In the twentieth century hanging came to be defended as a particularly humane form of execution. We also find the Royal Commission on capital punishment, which reported in 1953, commenting that `it is easier for the condemned man to show courage and composure in his last moments if the final act is a positive one, such as walking to the scaffold than if it is mere passivity, like awaiting the prick of a needle.'

The successful mid-nineteenth-century campaign for private executions sought to do away with the repulsive entertainment of public hangings, but was criticised by its opponents for introducing an un-English element of inquisitorial privacy into the procedure. Some abolitionists also opposed the campaign because they thought it would delay the total abolition of capital punishment. They were probably justified in their fears; and there is evidence that even in their own century techniques of hanging in Britain were not always as reliably painless as they should have been, for the Official Secrets Act allowed bungled executions to be hushed up.

It is clear that the complex ceremonial surrounding all judicial executions is a way of legitimising or consecrating the act of violence. These ceremonies are highly specific to different countries. The abolitionist argument is that private violence should never be answered by public violence. But it is a fact of social history that these ceremonial forms used to be effective in making judicial executions acceptable.

Nietzsche wrote that `There is no feast without cruelty, as man's entire history attests. Punishment, too, has its festive aspects.' A whiff of the atmosphere of old Tyburn and Newgate must have been caught by the patrons of Albert Pierrepoint's pub, 'Help the Poor Struggler' (though Pierrepoint himself claimed that he never talked about his duties) or again by those people attending the Royal Academy banquet which was regaled by Lord Goddard in his after-dinner speech with jokes about hanging.

But is it true, as the abolitionists contended, that capital punishment exacerbates violence in society. This could be so; but it could equally be that it is a valuable way of expressing society's abhorrence of murder, which in primitive societies is usually treated as a private tort against the victim's relatives, punishable through vengeance at their hands or else by compensation. Capital punishment is certainly an institution of city-states and kingdoms rather than of primitive societies.
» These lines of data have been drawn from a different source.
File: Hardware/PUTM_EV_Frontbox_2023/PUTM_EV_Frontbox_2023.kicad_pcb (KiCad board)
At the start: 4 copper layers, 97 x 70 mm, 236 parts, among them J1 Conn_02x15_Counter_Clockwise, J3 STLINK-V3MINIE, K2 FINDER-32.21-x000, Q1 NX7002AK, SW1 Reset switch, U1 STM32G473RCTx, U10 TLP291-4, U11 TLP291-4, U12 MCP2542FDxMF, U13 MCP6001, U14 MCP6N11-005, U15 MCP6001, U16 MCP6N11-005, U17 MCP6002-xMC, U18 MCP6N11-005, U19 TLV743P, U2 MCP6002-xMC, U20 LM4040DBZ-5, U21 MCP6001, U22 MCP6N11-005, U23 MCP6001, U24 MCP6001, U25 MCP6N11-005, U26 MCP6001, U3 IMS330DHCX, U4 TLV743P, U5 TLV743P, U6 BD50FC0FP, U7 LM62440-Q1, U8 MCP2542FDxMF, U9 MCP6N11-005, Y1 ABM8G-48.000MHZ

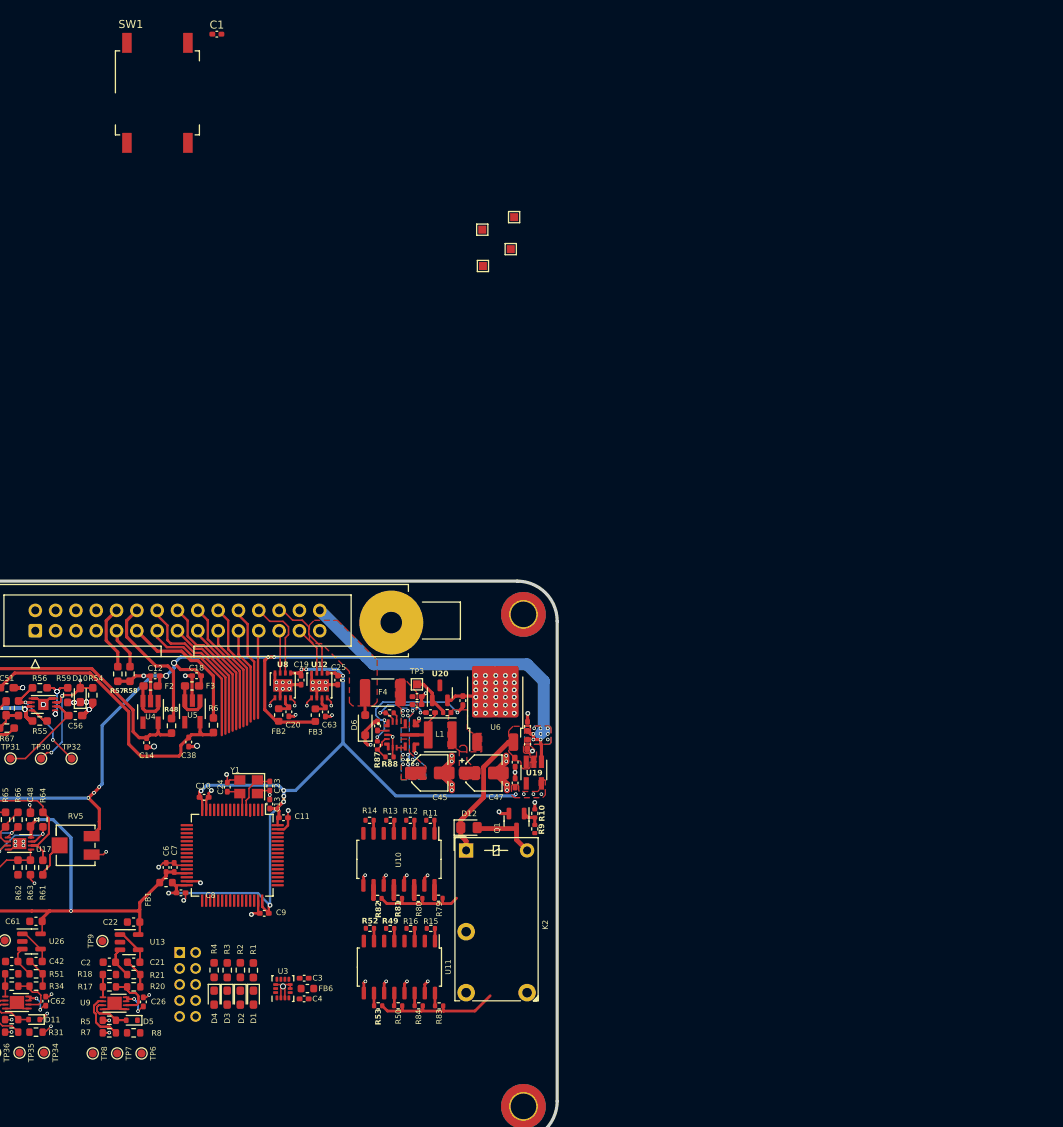
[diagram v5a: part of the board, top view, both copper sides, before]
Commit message: Changed mcu pinout
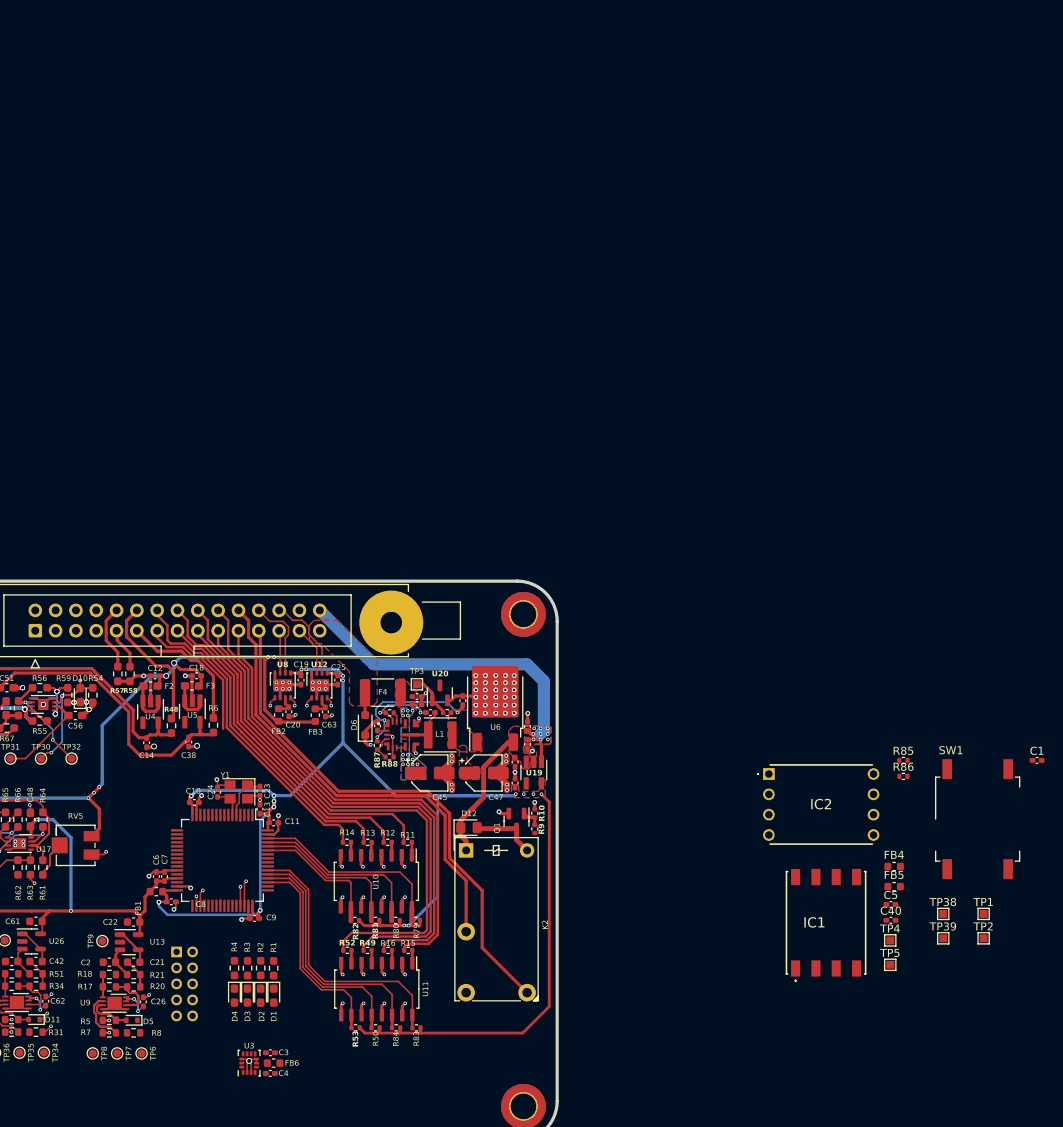
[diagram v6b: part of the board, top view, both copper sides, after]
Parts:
- added C40: 100nF, Capacitor_SMD:C_0402_1005Metric_Pad0.74x0.62mm_HandSolder, F.Cu at (243.7, 60.4)
- added C5: 100nF, Capacitor_SMD:C_0402_1005Metric_Pad0.74x0.62mm_HandSolder, F.Cu at (243.7, 58.4)
- added FB4: 60R@100MHz, Inductor_SMD:L_0603_1608Metric, F.Cu at (244.1, 53.6)
- added FB5: 60R@100MHz, Inductor_SMD:L_0603_1608Metric, F.Cu at (244.1, 56.2)
- added IC1: ELVH-MF12D-HRRJ-C-N3A4, Frontbox:ELVH005DHRRJINAA4, F.Cu at (235.6, 60.7)
- added IC2: ELVH-MF12D-HRRJ-C-N3A4, Frontbox:ELVHL10DHRRDCN2A4, F.Cu at (228.4, 42.1)
- added R85: 4k7, Resistor_SMD:R_0402_1005Metric, F.Cu at (245.2, 40.4)
- added R86: 4k7, Resistor_SMD:R_0402_1005Metric, F.Cu at (245.2, 42.4)
- added TP4: TestPoint, TestPoint:TestPoint_Pad_1.0x1.0mm, F.Cu at (243.6, 62.9)
- added TP5: TestPoint, TestPoint:TestPoint_Pad_1.0x1.0mm, F.Cu at (243.6, 65.9)
- moved SW1 136.9 mm to (254.5, 47.7)
- moved C1 136.9 mm to (262.0, 40.4)
- moved TP39 105.7 mm to (250.2, 62.6), turned to 0 degrees
- moved TP1 105.0 mm to (255.3, 59.6), turned to 0 degrees
- moved TP2 104.5 mm to (255.3, 62.6), turned to 0 degrees
- moved TP38 99.3 mm to (250.2, 59.6), turned to 0 degrees
- moved FB6 10.2 mm to (166.5, 78.2)
- moved C3 10.2 mm to (166.1, 76.9)
- moved C4 10.2 mm to (166.1, 79.5)
- moved U3 10.2 mm to (163.5, 78.2)
- moved R11 3.94 mm to (183.3, 50.6)
- moved R12 3.94 mm to (180.8, 50.6)
- moved R13 3.94 mm to (178.3, 50.6)
- moved R14 3.94 mm to (175.7, 50.6)
- moved R80 3.94 mm to (181.8, 60.4)
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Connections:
- R11 pad 1: /KILL_LEWY -> /BSPD_SENSE
- R13 pad 1: /KILL_KIERA -> /OVERTRAVEL
- R14 pad 1: /INERTIA -> /RIGHT_WHEEL_SC
- R15 pad 1: /BSPD_SENSE -> /KILL_KIERA
- R16 pad 1: /OVERTRAVEL -> /KILL_LEWY
- R52 pad 1: /Safety sense/Safety_Left_Wheel -> /INERTIA
- R53 pad 2: /Safety sense/Sens_Left_Wheel -> /Sense_inertia
- R79 pad 2: /Sense_left -> /Sense_BSPD
- R81 pad 2: /Sense_driver -> /Sense_overtravel
- R82 pad 2: /Sense_inertia -> /Sense_Right_Wheel
- R83 pad 2: /Sense_BSPD -> /Sense_driver
- R84 pad 2: /Sense_overtravel -> /Sense_left
- U1 pad 12: /Safety_control -> unconnected-(U1-PA0-Pad12)
- U1 pad 17: /APPS_sig2 -> /APPS_sig1
- U1 pad 18: /APPS_sig1 -> /APPS_sig2
- U1 pad 21: /SUSP_R_OUT -> /SUSP_L_OUT
- U1 pad 22: /SUSP_L_OUT -> /BRAKE_PRESSURE_FRONT_OUT
- U1 pad 23: /BRAKE_PRESSURE_REAR_OUT -> /SUSP_R_OUT
- U1 pad 24: /BRAKE_PRESSURE_FRONT_OUT -> /BRAKE_PRESSURE_REAR_OUT
- U1 pad 34: /CAN1_RX -> /CAN2_RX
- U1 pad 35: /CAN1_TX -> /CAN2_TX
- U1 pad 36: /DEBUG_LED4 -> unconnected-(U1-PB14-Pad36)
- U1 pad 37: /DEBUG_LED3 -> unconnected-(U1-PB15-Pad37)
- U1 pad 38: /DEBUG_LED2 -> unconnected-(U1-PC6-Pad38)
- U1 pad 39: /DEBUG_LED1 -> unconnected-(U1-PC7-Pad39)
- U1 pad 40: /YAWPROBE_I^{2}C_SCL -> unconnected-(U1-PC8-Pad40)
- U1 pad 41: /YAWPROBE_I^{2}C_SDA -> unconnected-(U1-PC9-Pad41)
- U1 pad 45: unconnected-(U1-PA11-Pad45) -> /CAN1_RX
- U1 pad 46: unconnected-(U1-PA12-Pad46) -> /CAN1_TX
- U1 pad 51: unconnected-(U1-PA15-Pad51) -> /Sense_inertia
- U1 pad 52: unconnected-(U1-PC10-Pad52) -> /Sense_EBS
- U1 pad 53: /Sense_driver -> /Sense_left
- U1 pad 54: /Sense_right -> /Sense_driver
- U1 pad 55: /Sense_inertia -> unconnected-(U1-PD2-Pad55)
- U1 pad 59: /Sense_left -> /Sense_Right_Wheel
- U1 pad 60: /Sense_EBS -> /Sense_overtravel
- U1 pad 61: /Sense_overtravel -> /Sense_right
- U10 pad 10: /Sense_inertia -> /Sense_Right_Wheel
- U10 pad 12: /Sense_driver -> /Sense_overtravel
- U10 pad 16: /Sense_left -> /Sense_BSPD
- U11 pad 10: /Safety sense/Sens_Left_Wheel -> /Sense_inertia
- U11 pad 14: /Sense_overtravel -> /Sense_left
- U11 pad 16: /Sense_BSPD -> /Sense_driver
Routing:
- net +3.3V: track 136.1 -> 192.0 mm, vias 14 -> 16
- net /SAFE-IN: track 11.0 -> 65.8 mm
- net /INERTIA: track 16.8 -> 70.3 mm
- net /EBS_SAFETY: track 13.2 -> 64.6 mm
- net /KILL_LEWY: track 15.8 -> 65.4 mm
- net /KILL_KIERA: track 12.0 -> 59.9 mm
- net /SAFE-OUT: track 14.4 -> 59.0 mm
- net /CAN2_RX: track 1.18 -> 37.0 mm, vias 1 -> 2
- net /CAN2_TX: track 1.21 -> 35.2 mm, vias 1 -> 2
- net /Sense_driver: track 1.62 -> 34.1 mm
- net /Sense_left: track 1.60 -> 31.4 mm
- net /CAN1_RX: track 1.19 -> 29.4 mm, vias 1 -> 2
- net /CAN1_TX: track 1.21 -> 29.3 mm, vias 1 -> 2
- net /BSPD_SENSE: track 14.3 -> 41.7 mm
- net /Sense_EBS: track 1.60 -> 28.6 mm
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
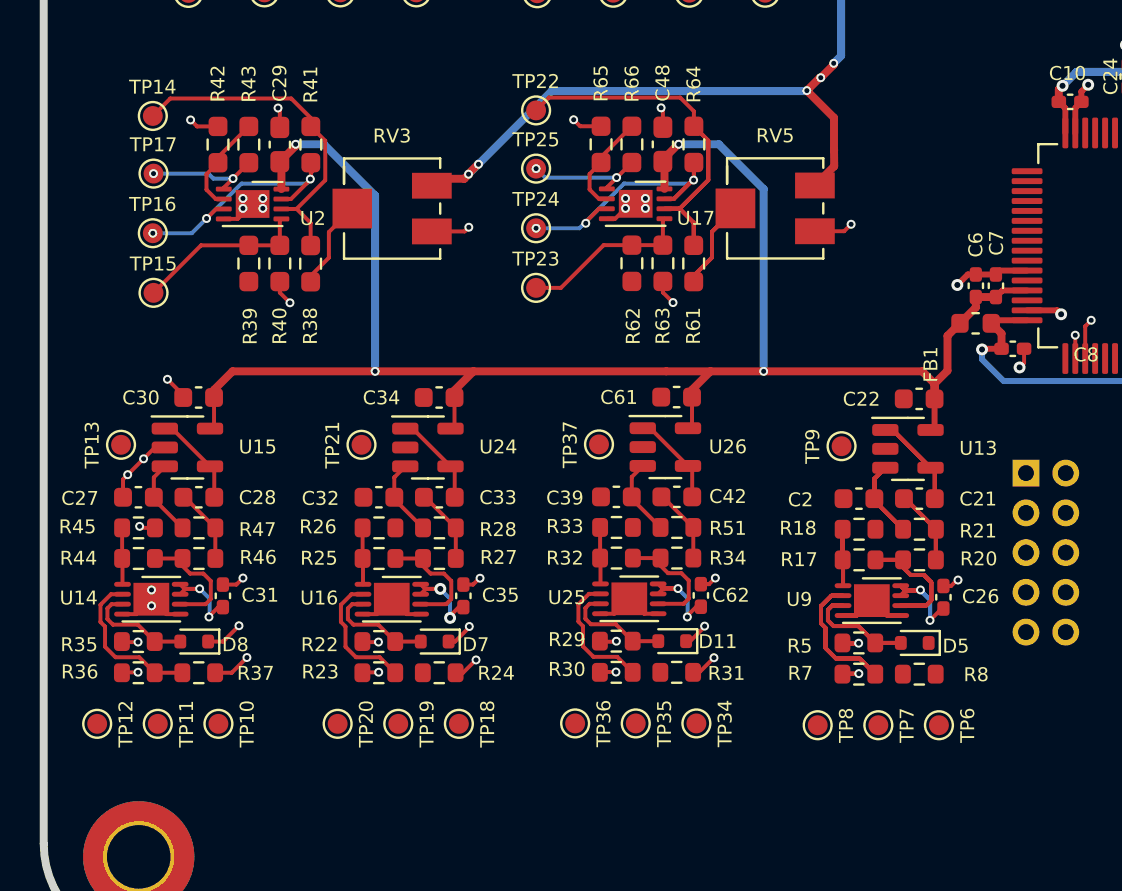
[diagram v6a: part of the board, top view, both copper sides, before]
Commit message: Changed analog section
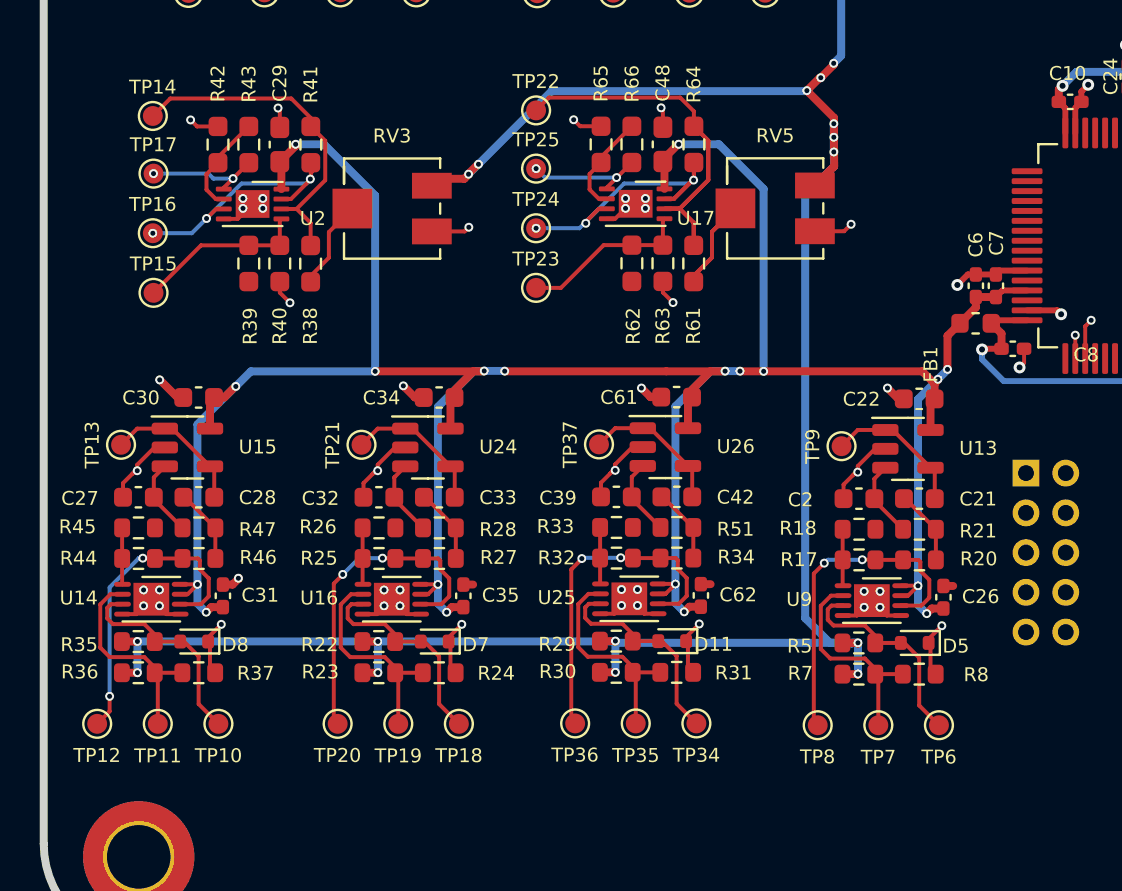
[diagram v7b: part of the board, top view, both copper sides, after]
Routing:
- net +5V: track 167.0 -> 235.4 mm, vias 26 -> 29
- net +3.3VA: track 121.3 -> 152.9 mm, vias 12 -> 19
- net Net-(R32-Pad2): track 6.06 -> 17.3 mm, vias 0 -> 2
- net Net-(R25-Pad2): track 6.06 -> 16.7 mm, vias 0 -> 2
- net Net-(R44-Pad2): track 6.06 -> 16.2 mm, vias 0 -> 2
- net GND: track 237.4 -> 247.4 mm, vias 163 -> 176
- net /Brake Position/IN+: track 19.7 -> 10.9 mm
- net Net-(U13-+): track 11.8 -> 3.92 mm
- net Net-(C21-Pad1): track 11.3 -> 3.78 mm
- net /BRAKE_POSITION_OUT: track 14.1 -> 7.25 mm
- net /BRAKE_POSITION_IN: track 16.6 -> 10.8 mm
- net Net-(U9-FG): track 8.54 -> 2.85 mm
- net /SUSPENSION_POT1_IN: track 5.52 -> 10.8 mm
- net /STEERING_POSITION_IN: track 5.52 -> 10.8 mm
- net /SUSPENSION_POT2_IN: track 5.52 -> 10.8 mm
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
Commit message: routing done
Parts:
- removed C1, C40, C5: 100nF, Capacitor_SMD:C_0402_1005Metric_Pad0.74x0.62mm_HandSolder
- removed FB4, FB5: 60R@100MHz, Inductor_SMD:L_0603_1608Metric
- removed IC1: ELVH-MF12D-HRRJ-C-N3A4, Frontbox:ELVH005DHRRJINAA4
- removed IC2: ELVH-MF12D-HRRJ-C-N3A4, Frontbox:ELVHL10DHRRDCN2A4
- removed R85, R86: 4k7, Resistor_SMD:R_0402_1005Metric
- removed SW1: Reset switch, Button_Switch_SMD:SW_MEC_5GSH9
- removed TP1, TP2, TP38, TP39, TP4, TP5: TestPoint, TestPoint:TestPoint_Pad_1.0x1.0mm
- added R68: 10k, Resistor_SMD:R_0603_1608Metric_Pad0.98x0.95mm_HandSolder, F.Cu at (167.0, 65.7)
- added R75: 10k, Resistor_SMD:R_0603_1608Metric_Pad0.98x0.95mm_HandSolder, F.Cu at (165.5, 65.7)
- moved U3 14.1 mm to (169.5, 65.5), turned to 0 degrees
- moved C4 11.5 mm to (168.2, 68.2), turned to -90 degrees
- moved FB6 10.1 mm to (169.5, 68.6), turned to 90 degrees
- moved C3 9.93 mm to (170.8, 68.2), turned to -90 degrees
- moved D1 3.89 mm to (163.5, 72.2)
- moved R1 3.89 mm to (163.4, 68.7)
- moved R3 3.89 mm to (160.2, 68.7)
- moved D2 3.89 mm to (161.8, 72.2)
- moved D3 3.89 mm to (160.2, 72.2)
- moved D4 3.89 mm to (158.6, 72.2)
- moved R2 3.89 mm to (161.8, 68.7)
- moved R4 3.89 mm to (158.6, 68.7)
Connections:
- J1 pad 3: /BRAKE_POSITION_IN -> /BRAKE_PRESSURE1_IN
- J1 pad 4: /STEERING_POSITION_IN -> /SUSPENSION_POT1_IN
- J1 pad 5: /BRAKE_PRESSURE1_IN -> /STEERING_POSITION_IN
- J1 pad 7: /SUSPENSION_POT1_IN -> /BRAKE_POSITION_IN
- J1 pad 8: /BRAKE_PRESSURE1_IN -> /BRAKE_PRESSURE2_IN
- U1 pad 17: /APPS_sig1 -> /APPS_sig2
- U1 pad 18: /APPS_sig2 -> /APPS_sig1
- U1 pad 21: /SUSP_L_OUT -> /BRAKE_PRESSURE_REAR_OUT
- U1 pad 23: /SUSP_R_OUT -> /SUSP_L_OUT
- U1 pad 24: /BRAKE_PRESSURE_REAR_OUT -> /STEERING_POSITION_OUT
- U1 pad 25: /BRAKE_POSITION_OUT -> /SUSP_R_OUT
- U1 pad 26: /STEERING_POSITION_OUT -> /BRAKE_POSITION_OUT
- U1 pad 36: unconnected-(U1-PB14-Pad36) -> /DEBUG_LED4
- U1 pad 37: unconnected-(U1-PB15-Pad37) -> /DEBUG_LED3
- U1 pad 38: unconnected-(U1-PC6-Pad38) -> /DEBUG_LED2
- U1 pad 39: unconnected-(U1-PC7-Pad39) -> /DEBUG_LED1
- U1 pad 40: unconnected-(U1-PC8-Pad40) -> /IMU_SCL
- U1 pad 41: unconnected-(U1-PC9-Pad41) -> /IMU_SDA
- U1 pad 43: unconnected-(U1-PA9-Pad43) -> /UART_TX
- U1 pad 44: unconnected-(U1-PA10-Pad44) -> /UART_RX
- U3 pad 1: /IMU_MISO -> unconnected-(U3-SDO/SA0-Pad1)
- U3 pad 12: GND -> +3.3V
- U3 pad 13: /IMU_CLK -> /IMU_SCL
- U3 pad 14: /IMU_MOSI -> /IMU_SDA
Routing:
- net /BRAKE_POSITION_IN: track 10.8 -> 99.5 mm, vias 0 -> 1
- net /SUSPENSION_POT2_IN: track 10.8 -> 92.5 mm, vias 0 -> 1
- net /SUSPENSION_POT1_IN: track 10.8 -> 91.0 mm, vias 0 -> 1
- net /STEERING_POSITION_IN: track 10.8 -> 83.9 mm, vias 0 -> 1
- net /BRAKE_PRESSURE1_IN: track 0.00 -> 52.7 mm, vias 0 -> 1
- net /BRAKE_PRESSURE_FRONT_OUT: track 5.95 -> 55.1 mm, vias 2 -> 3
- net /SUSP_L_OUT: track 7.25 -> 55.7 mm, vias 0 -> 2
- net /APPS_sig1: track 15.6 -> 61.7 mm
- net +3.3V: track 192.0 -> 237.3 mm, vias 16 -> 10
- net /DAC1_REF: track 11.7 -> 51.5 mm, vias 0 -> 2
- net /BRAKE_PRESSURE2_IN: track 0.00 -> 38.3 mm, vias 0 -> 1
- net /STEERING_POSITION_OUT: track 7.25 -> 42.2 mm, vias 0 -> 2
- net /NRST: track 0.00 -> 30.8 mm, vias 0 -> 1
- net /BRAKE_PRESSURE_REAR_OUT: track 6.09 -> 36.0 mm, vias 2 -> 3
- net /APPS_sig2: track 45.7 -> 74.0 mm

A Dominican monk of my acquaintance recently wrote to me, in another context, that many theologians today believe in what they call Modern Man, which he says is an ecclesiastical fiction. It seems also to be a fiction to which many penologists and even, sociologists adhere. But resentment and vengeance are a part of our social nature, which needs to be satisfied by a penal code of graded severity — however much this should be tempered by public mercy and private forgiveness.